• [TASK PROMPT] Select and copy out every line in the records containing "join".

-=-=-

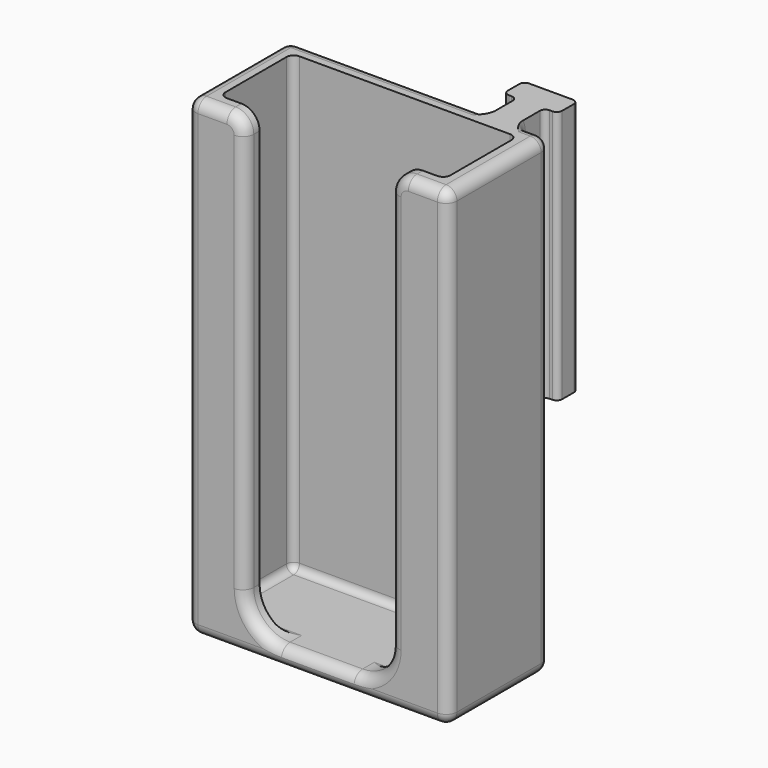
from build123d import *

# Parameters (mm, degrees)
F1_DEPTH      = 130
F2_W          = 15
F2_H          = 16
F3_DEPTH      = 60
F4_W          = 72
F4_H          = 35
F5_DEPTH      = 5
F6_R          = 10
F7_R          = 5
F8_R          = 3
F9_R          = 3
F10_R         = 2
F11_F1_R      = 2
F11_F2_R      = 2
F11_T3_DEPTH  = 123
F11_S7_W      = 2.04
F11_S7_H      = 2.04
F11_T8_DEPTH  = 2.04
F11_T11_DEPTH = 123
F11_S15_W     = 2.04
F11_S15_H     = 2.04
F11_T16_DEPTH = 2.04
F12_T1_DEPTH  = 124
F12_T3_DEPTH  = 20
F12_T5_DEPTH  = 66
F12_T7_DEPTH  = 8
F12_T9_DEPTH  = 110
F12_T11_DEPTH = 8
F12_T13_DEPTH = 52.75
F12_T15_DEPTH = 5.75
F12_T18_ANGLE = 90
F12_T20_ANGLE = 90
F12_T22_ANGLE = 90
F12_T24_ANGLE = 90
F12_T26_ANGLE = 90
F12_T28_ANGLE = 90
F12_T30_ANGLE = 90
F12_T32_ANGLE = 90
F12_T34_ANGLE = 90
F12_T36_ANGLE = 90
F12_T38_ANGLE = 90
F12_T40_ANGLE = 90
F13_T1_DEPTH  = 67
F13_T6_ANGLE  = 209.4141577086
F13_T12_ANGLE = 209.4141577086
F14_R         = 1.5
F15_R         = 1.5
F16_R         = 1.5


# Not quite as in the source:
# - a fillet or chamfer that OpenCascade refuses, or shapes differently, is made with other operations: its cross-section is extruded or revolved along the edge and cut away or added


with BuildPart() as f1:
    # F0 (on Top) → F1 (new body)
    with BuildSketch(Plane.XY):
        Polygon((-36, 17.5), (-36, -17.5), (-20, -17.5), (-20, -12.5000001863), (-30.9999994934, -12.5000001863), (-30.9999994934, 12.5), (30.9999994934, 12.5), (30.9999994934, -12.5000001863), (20, -12.5000001863), (20, -17.5), (36, -17.5), (36, 17.5), (27.25, 17.5), (27.25, 26.5), (31, 26.5), (31, 33.5), (23.5, 33.5), (16, 33.5), (16, 26.5), (19.75, 26.5), (19.75, 17.5), align=None)
    extrude(amount=F1_DEPTH)

    # F2 (on face) → F3 (cut)
    with BuildSketch(Plane(origin=(0, 0, 0), x_dir=(1, 0, 0), z_dir=(0, 0, -1))):
        with Locations((23.5, -25.5)):
            Rectangle(F2_W, F2_H)
    extrude(amount=-F3_DEPTH, mode=Mode.SUBTRACT)

    # F4 (on face) → F5 (join)
    with BuildSketch(Plane(origin=(0, 0, 0), x_dir=(1, 0, 0), z_dir=(0, 0, -1))):
        Rectangle(F4_W, F4_H)
    extrude(amount=-F5_DEPTH)

    # F6
    f6_edges = [f1.edges().sort_by_distance(p)[0] for p in [
        (-20, -15, 5),
        (20, -15, 5),
    ]]
    fillet(f6_edges, radius=F6_R)

    # F7
    f7_edges = [f1.edges().sort_by_distance(p)[0] for p in [
        (20, -15, 130),
        (-20, -15, 130),
    ]]
    fillet(f7_edges, radius=F7_R)

    # F8
    f8_edges = [f1.edges().sort_by_distance(p)[0] for p in [
        (36, 0, 130),
        (-36, 0, 130),
    ]]
    fillet(f8_edges, radius=F8_R)

    # F9
    f9_edges = [f1.edges().sort_by_distance(p)[0] for p in [
        (36, 0, 0),
        (-36, 0, 0),
    ]]
    fillet(f9_edges, radius=F9_R)

    # F10
    f10_edges = [f1.edges().sort_by_distance(p)[0] for p in [
        (30.999999, 0, 5),
        (0, 12.5, 5),
        (-30.999999, 0, 5),
    ]]
    fillet(f10_edges, radius=F10_R)

    # F11: fillet of radius 2 on 8 edges, made by hand

    # F11_f1
    f11_f1_edges = [f1.edges().sort_by_distance(p)[0] for p in [
        (24.4999997467, -12.5000001863, 5),
        (15, -12.5000001863, 5),
        (30.9999994934, -12.5000001863, 68.5),
        (30.4142130557, -12.5000001863, 5.5857864376),
    ]]
    fillet(f11_f1_edges, radius=F11_F1_R)

    # F11_f2
    f11_f2_edges = [f1.edges().sort_by_distance(p)[0] for p in [
        (-24.4999997467, -12.5000001863, 5),
        (-15, -12.5000001863, 5),
        (-30.4142130557, -12.5000001863, 5.5857864376),
        (-30.9999994934, -12.5000001863, 68.5),
    ]]
    fillet(f11_f2_edges, radius=F11_F2_R)

    # F11_s4 → F11_t3 (join)
    with BuildSketch(Plane.XY.offset(7)):
        with BuildLine():
            ThreePointArc((28.9999994934, 12.5), (30.4142130557, 11.9142135624), (30.9999994934, 10.5))
            Line((30.9999994934, 10.5), (31.0399994934, 10.5))
            Line((31.0399994934, 10.5), (31.0399994934, 12.54))
            Line((31.0399994934, 12.54), (28.9999994934, 12.54))
            Line((28.9999994934, 12.54), (28.9999994934, 12.5))
        make_face()
    extrude(amount=F11_T3_DEPTH)


with BuildPart() as f11_tool6:
    # F11_s7 → F11_t8 (new body)
    with BuildSketch(Plane.XZ.offset(-10.5)):
        with Locations((30.0199994934, 5.98)):
            Rectangle(F11_S7_W, F11_S7_H)
    extrude(amount=-F11_T8_DEPTH)

    # F11_s9 → F11_t10 (revolve, cut)
    with BuildSketch(Plane(origin=(28.9999994934, 10.5, 7), x_dir=(-0.7071067812, 0, 0.7071067812), z_dir=(-0.7071067812, 0, -0.7071067812))):
        with BuildLine():
            ThreePointArc((0, -2), (2, 0), (0, 2))
            Line((0, 2), (0, -2))
        make_face()
    revolve(axis=Axis((28.9999994934, 10.5, 7), (0, 1, 0)), mode=Mode.SUBTRACT)


with BuildPart() as f1_1:
    add(f1.part)

    # F11_t5: union F11_tool6
    add(f11_tool6.part)

    # F11_s12 → F11_t11 (join)
    with BuildSketch(Plane.XY.offset(7)):
        with BuildLine():
            ThreePointArc((-30.9999994934, 10.5), (-30.4142130557, 11.9142135624), (-28.9999994934, 12.5))
            Line((-28.9999994934, 12.5), (-28.9999994934, 12.54))
            Line((-28.9999994934, 12.54), (-31.0399994934, 12.54))
            Line((-31.0399994934, 12.54), (-31.0399994934, 10.5))
            Line((-31.0399994934, 10.5), (-30.9999994934, 10.5))
        make_face()
    extrude(amount=F11_T11_DEPTH)


with BuildPart() as f11_tool14:
    # F11_s15 → F11_t16 (new body)
    with BuildSketch(Plane.YZ.offset(-28.9999994934)):
        with Locations((11.52, 5.98)):
            Rectangle(F11_S15_W, F11_S15_H)
    extrude(amount=-F11_T16_DEPTH)

    # F11_s17 → F11_t18 (revolve, cut)
    with BuildSketch(Plane(origin=(-28.9999994934, 10.5, 7), x_dir=(0, -0.7071067812, 0.7071067812), z_dir=(0, -0.7071067812, -0.7071067812))):
        with BuildLine():
            ThreePointArc((0, -2), (2, 0), (0, 2))
            Line((0, 2), (0, -2))
        make_face()
    revolve(axis=Axis((-28.9999994934, 10.5, 7), (-1, 0, 0)), mode=Mode.SUBTRACT)


with BuildPart() as f1_2:
    add(f1_1.part)

    # F11_t13: union F11_tool14
    add(f11_tool14.part)

    # F12: fillet of radius 3 on 24 edges, made by hand

    # F12_s2 → F12_t1 (cut)
    with BuildSketch(Plane.XY.offset(3)):
        with BuildLine():
            ThreePointArc((33, -17.5), (35.1213203436, -16.6213203436), (36, -14.5))
            Line((36, -14.5), (36, -17.5))
            Line((36, -17.5), (33, -17.5))
        make_face()
        with BuildLine():
            ThreePointArc((-33, -17.5), (-35.1213203436, -16.6213203436), (-36, -14.5))
            Line((-36, -14.5), (-36, -17.5))
            Line((-36, -17.5), (-33, -17.5))
        make_face()
        with BuildLine():
            ThreePointArc((36, 14.5), (35.1213203436, 16.6213203436), (33, 17.5))
            Line((33, 17.5), (36, 17.5))
            Line((36, 17.5), (36, 14.5))
        make_face()
        with BuildLine():
            ThreePointArc((-36, 14.5), (-35.1213203436, 16.6213203436), (-33, 17.5))
            Line((-33, 17.5), (-36, 17.5))
            Line((-36, 17.5), (-36, 14.5))
        make_face()
    extrude(amount=F12_T1_DEPTH, mode=Mode.SUBTRACT)

    # F12_s4 → F12_t3 (cut)
    with BuildSketch(Plane.YZ.offset(-10)):
        with BuildLine():
            ThreePointArc((-14.5, 5), (-16.6213203436, 4.1213203436), (-17.5, 2))
            Line((-17.5, 2), (-17.5, 5))
            Line((-17.5, 5), (-14.5, 5))
        make_face()
    extrude(amount=F12_T3_DEPTH, mode=Mode.SUBTRACT)

    # F12_s6 → F12_t5 (cut)
    with BuildSketch(Plane.YZ.offset(-33)):
        with BuildLine():
            ThreePointArc((-17.5, 3), (-16.6213203436, 0.8786796564), (-14.5, 0))
            Line((-14.5, 0), (-17.5, 0))
            Line((-17.5, 0), (-17.5, 3))
        make_face()
        with BuildLine():
            ThreePointArc((14.5, 0), (16.6213203436, 0.8786796564), (17.5, 3))
            Line((17.5, 3), (17.5, 0))
            Line((17.5, 0), (14.5, 0))
        make_face()
    extrude(amount=F12_T5_DEPTH, mode=Mode.SUBTRACT)

    # F12_s8 → F12_t7 (cut)
    with BuildSketch(Plane.YZ.offset(-33)):
        with BuildLine():
            ThreePointArc((-17.5, 127), (-16.6213203436, 129.1213203436), (-14.5, 130))
            Line((-14.5, 130), (-17.5, 130))
            Line((-17.5, 130), (-17.5, 127))
        make_face()
    extrude(amount=F12_T7_DEPTH, mode=Mode.SUBTRACT)

    # F12_s10 → F12_t9 (cut)
    with BuildSketch(Plane.XY.offset(15)):
        with BuildLine():
            ThreePointArc((-23, -17.5), (-20.8786796564, -16.6213203436), (-20, -14.5))
            Line((-20, -14.5), (-20, -17.5))
            Line((-20, -17.5), (-23, -17.5))
        make_face()
        with BuildLine():
            ThreePointArc((23, -17.5), (20.8786796564, -16.6213203436), (20, -14.5))
            Line((20, -14.5), (20, -17.5))
            Line((20, -17.5), (23, -17.5))
        make_face()
    extrude(amount=F12_T9_DEPTH, mode=Mode.SUBTRACT)

    # F12_s12 → F12_t11 (cut)
    with BuildSketch(Plane.YZ.offset(25)):
        with BuildLine():
            ThreePointArc((-17.5, 127), (-16.6213203436, 129.1213203436), (-14.5, 130))
            Line((-14.5, 130), (-17.5, 130))
            Line((-17.5, 130), (-17.5, 127))
        make_face()
    extrude(amount=F12_T11_DEPTH, mode=Mode.SUBTRACT)

    # F12_s14 → F12_t13 (cut)
    with BuildSketch(Plane.YZ.offset(-33)):
        with BuildLine():
            ThreePointArc((14.5, 130), (16.6213203436, 129.1213203436), (17.5, 127))
            Line((17.5, 127), (17.5, 130))
            Line((17.5, 130), (14.5, 130))
        make_face()
    extrude(amount=F12_T13_DEPTH, mode=Mode.SUBTRACT)

    # F12_s16 → F12_t15 (cut)
    with BuildSketch(Plane.YZ.offset(27.25)):
        with BuildLine():
            ThreePointArc((14.5, 130), (16.6213203436, 129.1213203436), (17.5, 127))
            Line((17.5, 127), (17.5, 130))
            Line((17.5, 130), (14.5, 130))
        make_face()
    extrude(amount=F12_T15_DEPTH, mode=Mode.SUBTRACT)

    # F12_s17 → F12_t18 (revolve, cut)
    with BuildSketch(Plane.XY.offset(15)):
        with BuildLine():
            ThreePointArc((20, -14.5), (20.8786796564, -16.6213203436), (23, -17.5))
            Line((23, -17.5), (20, -17.5))
            Line((20, -17.5), (20, -14.5))
        make_face()
    revolve(axis=Axis((10, -17.5, 15), (0, 1, 0)), revolution_arc=F12_T18_ANGLE, mode=Mode.SUBTRACT)

    # F12_s19 → F12_t20 (revolve, cut)
    with BuildSketch(Plane.XY.offset(3)):
        with BuildLine():
            ThreePointArc((-33, -17.5), (-35.1213203436, -16.6213203436), (-36, -14.5))
            Line((-36, -14.5), (-36, -17.5))
            Line((-36, -17.5), (-33, -17.5))
        make_face()
    revolve(axis=Axis((-33, -17.5, 3), (0, -1, 0)), revolution_arc=F12_T20_ANGLE, mode=Mode.SUBTRACT)

    # F12_s21 → F12_t22 (revolve, cut)
    with BuildSketch(Plane.YZ.offset(-33)):
        with BuildLine():
            ThreePointArc((-17.5, 127), (-16.6213203436, 129.1213203436), (-14.5, 130))
            Line((-14.5, 130), (-17.5, 130))
            Line((-17.5, 130), (-17.5, 127))
        make_face()
    revolve(axis=Axis((-33, -17.5, 127), (0, -1, 0)), revolution_arc=F12_T22_ANGLE, mode=Mode.SUBTRACT)

    # F12_s23 → F12_t24 (revolve, cut)
    with BuildSketch(Plane.YZ.offset(33)):
        with BuildLine():
            ThreePointArc((-17.5, 3), (-16.6213203436, 0.8786796564), (-14.5, 0))
            Line((-14.5, 0), (-17.5, 0))
            Line((-17.5, 0), (-17.5, 3))
        make_face()
    revolve(axis=Axis((33, -17.5, 3), (0, -1, 0)), revolution_arc=F12_T24_ANGLE, mode=Mode.SUBTRACT)

    # F12_s25 → F12_t26 (revolve, cut)
    with BuildSketch(Plane.XY.offset(125)):
        with BuildLine():
            ThreePointArc((-23, -17.5), (-20.8786796564, -16.6213203436), (-20, -14.5))
            Line((-20, -14.5), (-20, -17.5))
            Line((-20, -17.5), (-23, -17.5))
        make_face()
    revolve(axis=Axis((-25, -17.5, 125), (0, -1, 0)), revolution_arc=F12_T26_ANGLE, mode=Mode.SUBTRACT)

    # F12_s27 → F12_t28 (revolve, cut)
    with BuildSketch(Plane.YZ.offset(33)):
        with BuildLine():
            ThreePointArc((-17.5, 127), (-16.6213203436, 129.1213203436), (-14.5, 130))
            Line((-14.5, 130), (-17.5, 130))
            Line((-17.5, 130), (-17.5, 127))
        make_face()
    revolve(axis=Axis((33, -17.5, 127), (0, 1, 0)), revolution_arc=F12_T28_ANGLE, mode=Mode.SUBTRACT)

    # F12_s29 → F12_t30 (revolve, cut)
    with BuildSketch(Plane.YZ.offset(-10)):
        with BuildLine():
            ThreePointArc((-17.5, 2), (-16.6213203436, 4.1213203436), (-14.5, 5))
            Line((-14.5, 5), (-17.5, 5))
            Line((-17.5, 5), (-17.5, 2))
        make_face()
    revolve(axis=Axis((-10, -17.5, 15), (0, 1, 0)), revolution_arc=F12_T30_ANGLE, mode=Mode.SUBTRACT)

    # F12_s31 → F12_t32 (revolve, cut)
    with BuildSketch(Plane.YZ.offset(25)):
        with BuildLine():
            ThreePointArc((-17.5, 127), (-16.6213203436, 129.1213203436), (-14.5, 130))
            Line((-14.5, 130), (-17.5, 130))
            Line((-17.5, 130), (-17.5, 127))
        make_face()
    revolve(axis=Axis((25, -17.5, 125), (0, -1, 0)), revolution_arc=F12_T32_ANGLE, mode=Mode.SUBTRACT)

    # F12_s33 → F12_t34 (revolve, cut)
    with BuildSketch(Plane.XY.offset(3)):
        with BuildLine():
            ThreePointArc((-36, 14.5), (-35.1213203436, 16.6213203436), (-33, 17.5))
            Line((-33, 17.5), (-36, 17.5))
            Line((-36, 17.5), (-36, 14.5))
        make_face()
    revolve(axis=Axis((-33, 17.5, 3), (0, -1, 0)), revolution_arc=F12_T34_ANGLE, mode=Mode.SUBTRACT)

    # F12_s35 → F12_t36 (revolve, cut)
    with BuildSketch(Plane.YZ.offset(-33)):
        with BuildLine():
            ThreePointArc((14.5, 130), (16.6213203436, 129.1213203436), (17.5, 127))
            Line((17.5, 127), (17.5, 130))
            Line((17.5, 130), (14.5, 130))
        make_face()
    revolve(axis=Axis((-33, 17.5, 127), (0, -1, 0)), revolution_arc=F12_T36_ANGLE, mode=Mode.SUBTRACT)

    # F12_s37 → F12_t38 (revolve, cut)
    with BuildSketch(Plane.YZ.offset(33)):
        with BuildLine():
            ThreePointArc((14.5, 0), (16.6213203436, 0.8786796564), (17.5, 3))
            Line((17.5, 3), (17.5, 0))
            Line((17.5, 0), (14.5, 0))
        make_face()
    revolve(axis=Axis((33, 17.5, 3), (0, -1, 0)), revolution_arc=F12_T38_ANGLE, mode=Mode.SUBTRACT)

    # F12_s39 → F12_t40 (revolve, cut)
    with BuildSketch(Plane.YZ.offset(33)):
        with BuildLine():
            ThreePointArc((14.5, 130), (16.6213203436, 129.1213203436), (17.5, 127))
            Line((17.5, 127), (17.5, 130))
            Line((17.5, 130), (14.5, 130))
        make_face()
    revolve(axis=Axis((33, 17.5, 127), (0, 1, 0)), revolution_arc=F12_T40_ANGLE, mode=Mode.SUBTRACT)

    # F13: fillet of radius 2.5 on 2 edges, made by hand

    # F13_s2 → F13_t1 (join)
    with BuildSketch(Plane.XY.offset(60)):
        with BuildLine():
            ThreePointArc((27.25, 20), (27.982233047, 18.232233047), (29.75, 17.5))
            Line((29.75, 17.5), (27.25, 17.5))
            Line((27.25, 17.5), (27.25, 20))
        make_face()
        with BuildLine():
            ThreePointArc((19.75, 20), (19.017766953, 18.232233047), (17.25, 17.5))
            Line((17.25, 17.5), (19.75, 17.5))
            Line((19.75, 17.5), (19.75, 20))
        make_face()
    extrude(amount=F13_T1_DEPTH)


with BuildPart() as f13_tool4:
    # F13_s5 → F13_t6 (revolve)
    with BuildSketch(Plane(origin=(0, -50.8345110114, 90.1646222656), x_dir=(1, 0, 0), z_dir=(0, 0.4911190143, -0.8710924829))):
        with BuildLine():
            ThreePointArc((19.75, -69.5029558217), (19.017766953, -71.2707227746), (17.25, -72.0029558217))
            Line((17.25, -72.0029558217), (19.75, -72.0029558217))
            Line((19.75, -72.0029558217), (19.75, -69.5029558217))
        make_face()
    revolve(axis=Axis((19.75, 14.5000000001, 127.0000000001), (-1, 0, 0)), revolution_arc=F13_T6_ANGLE)

    split(bisect_by=Plane.XZ.offset(-12.5), keep=Keep.BOTTOM)

    split(bisect_by=Plane.XY.offset(130), keep=Keep.BOTTOM)


with BuildPart() as f1_3:
    add(f1_2.part)

    # F13_t3: union F13_tool4
    add(f13_tool4.part)


with BuildPart() as f13_tool10:
    # F13_s11 → F13_t12 (revolve)
    with BuildSketch(Plane(origin=(0, -50.8345110114, 90.1646222656), x_dir=(1, 0, 0), z_dir=(0, 0.4911190143, -0.8710924829))):
        with BuildLine():
            ThreePointArc((29.75, -72.0029558217), (27.982233047, -71.2707227746), (27.25, -69.5029558217))
            Line((27.25, -69.5029558217), (27.25, -72.0029558217))
            Line((27.25, -72.0029558217), (29.75, -72.0029558217))
        make_face()
    revolve(axis=Axis((27.25, 14.5000000001, 127.0000000001), (-1, 0, 0)), revolution_arc=F13_T12_ANGLE)

    split(bisect_by=Plane.XZ.offset(-12.5), keep=Keep.BOTTOM)

    split(bisect_by=Plane.XY.offset(130), keep=Keep.BOTTOM)


with BuildPart() as f1_4:
    add(f1_3.part)

    # F13_t9: union F13_tool10
    add(f13_tool10.part)

    # F14
    f14_edges = [f1_4.edges().sort_by_distance(p)[0] for p in [
        (19.75, 26.5, 95),
        (27.25, 26.5, 95),
    ]]
    fillet(f14_edges, radius=F14_R)

    # F15
    f15_edges = [f1_4.edges().sort_by_distance(p)[0] for p in [
        (31, 33.5, 95),
        (16, 33.5, 95),
    ]]
    fillet(f15_edges, radius=F15_R)

    # F16
    f16_edges = [f1_4.edges().sort_by_distance(p)[0] for p in [
        (31, 26.5, 95),
        (16, 26.5, 95),
    ]]
    fillet(f16_edges, radius=F16_R)


solid = f1_4.part

-=-=-

• [TASK RESULT]
    # F4 (on face) → F5 (join)
    # F11_s4 → F11_t3 (join)
    # F11_s12 → F11_t11 (join)
    # F13_s2 → F13_t1 (join)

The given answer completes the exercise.